WHAT TO WORK ON: Using the material below, print the line that contains "#19616 = EDGE_CURVE", the line that contains "#23021 = VECTOR ( 'NONE', #106, 39.37008 ) ;", and every line in between, exactly and nothing else.
━━━━
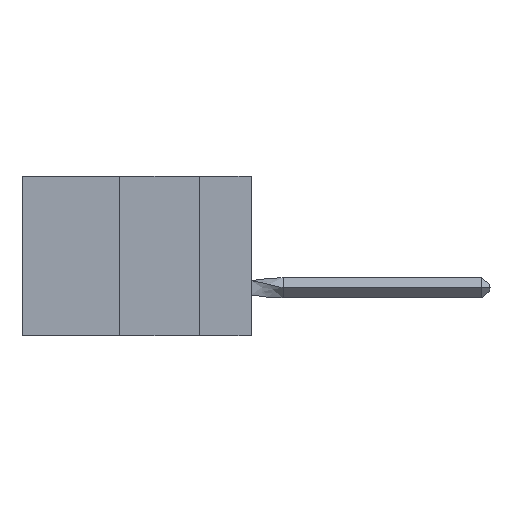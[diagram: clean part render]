
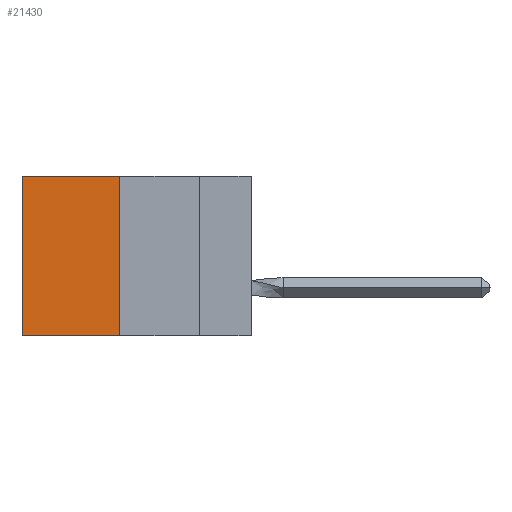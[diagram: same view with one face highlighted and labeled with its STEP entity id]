
A CAD part, left-side view. The second image highlights one B-rep face of the part: STEP entity #21430.
In plain terms, the highlighted planar face has unit normal (-1, 0, 0).
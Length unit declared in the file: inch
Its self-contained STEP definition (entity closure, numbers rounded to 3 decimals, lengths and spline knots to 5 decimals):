
#106 = DIRECTION ( 'NONE',  ( 0., 0., -1. ) ) ;
#422 = ORIENTED_EDGE ( 'NONE', *, *, #3223, .F. ) ;
#595 = DIRECTION ( 'NONE',  ( 0., 0., -1. ) ) ;
#1014 = VECTOR ( 'NONE', #2822, 39.37008 ) ;
#1562 = EDGE_CURVE ( 'NONE', #23126, #14202, #23937, .T. ) ;
#2822 = DIRECTION ( 'NONE',  ( 0., 0., -1. ) ) ;
#2899 = EDGE_CURVE ( 'NONE', #14202, #19782, #3925, .T. ) ;
#3223 = EDGE_CURVE ( 'NONE', #23126, #13114, #22733, .T. ) ;
#3925 = LINE ( 'NONE', #14658, #23021 ) ;
#5524 = CARTESIAN_POINT ( 'NONE',  ( 0.305, 0.413, 0. ) ) ;
#5887 = ORIENTED_EDGE ( 'NONE', *, *, #2899, .T. ) ;
#6742 = CARTESIAN_POINT ( 'NONE',  ( 0.305, 0.413, -0.5 ) ) ;
#7057 = CARTESIAN_POINT ( 'NONE',  ( 0.305, 0.413, -0.5 ) ) ;
#7319 = CARTESIAN_POINT ( 'NONE',  ( 0.305, 0.72, 0. ) ) ;
#9686 = PLANE ( 'NONE',  #18649 ) ;
#10187 = VECTOR ( 'NONE', #18008, 39.37008 ) ;
#10454 = DIRECTION ( 'NONE',  ( 0., 1., 0. ) ) ;
#12694 = ORIENTED_EDGE ( 'NONE', *, *, #1562, .T. ) ;
#13114 = VERTEX_POINT ( 'NONE', #22531 ) ;
#13271 = VECTOR ( 'NONE', #10454, 39.37008 ) ;
#14202 = VERTEX_POINT ( 'NONE', #7319 ) ;
#14658 = CARTESIAN_POINT ( 'NONE',  ( 0.305, 0.72, -0.5 ) ) ;
#14703 = CARTESIAN_POINT ( 'NONE',  ( 0.305, 0.72, -0.5 ) ) ;
#17015 = CARTESIAN_POINT ( 'NONE',  ( 0.305, 0.413, -0.5 ) ) ;
#17361 = LINE ( 'NONE', #7057, #10187 ) ;
#17546 = FACE_OUTER_BOUND ( 'NONE', #17727, .T. ) ;
#17727 = EDGE_LOOP ( 'NONE', ( #5887, #19248, #422, #12694 ) ) ;
#17841 = CARTESIAN_POINT ( 'NONE',  ( 0.305, 0.413, 0. ) ) ;
#18008 = DIRECTION ( 'NONE',  ( 0., 1., 0. ) ) ;
#18649 = AXIS2_PLACEMENT_3D ( 'NONE', #17015, #22685, #595 ) ;
#19248 = ORIENTED_EDGE ( 'NONE', *, *, #19616, .F. ) ;
#19616 = EDGE_CURVE ( 'NONE', #13114, #19782, #17361, .T. ) ;
#19782 = VERTEX_POINT ( 'NONE', #14703 ) ;
#21430 = ADVANCED_FACE ( 'NONE', ( #17546 ), #9686, .F. ) ;
#22531 = CARTESIAN_POINT ( 'NONE',  ( 0.305, 0.413, -0.5 ) ) ;
#22685 = DIRECTION ( 'NONE',  ( 1., 0., 0. ) ) ;
#22733 = LINE ( 'NONE', #6742, #1014 ) ;
#23021 = VECTOR ( 'NONE', #106, 39.37008 ) ;
#23126 = VERTEX_POINT ( 'NONE', #5524 ) ;
#23937 = LINE ( 'NONE', #17841, #13271 ) ;
━━━━
RESPONSE AREA:
#19616 = EDGE_CURVE ( 'NONE', #13114, #19782, #17361, .T. ) ;
#19782 = VERTEX_POINT ( 'NONE', #14703 ) ;
#21430 = ADVANCED_FACE ( 'NONE', ( #17546 ), #9686, .F. ) ;
#22531 = CARTESIAN_POINT ( 'NONE',  ( 0.305, 0.413, -0.5 ) ) ;
#22685 = DIRECTION ( 'NONE',  ( 1., 0., 0. ) ) ;
#22733 = LINE ( 'NONE', #6742, #1014 ) ;
#23021 = VECTOR ( 'NONE', #106, 39.37008 ) ;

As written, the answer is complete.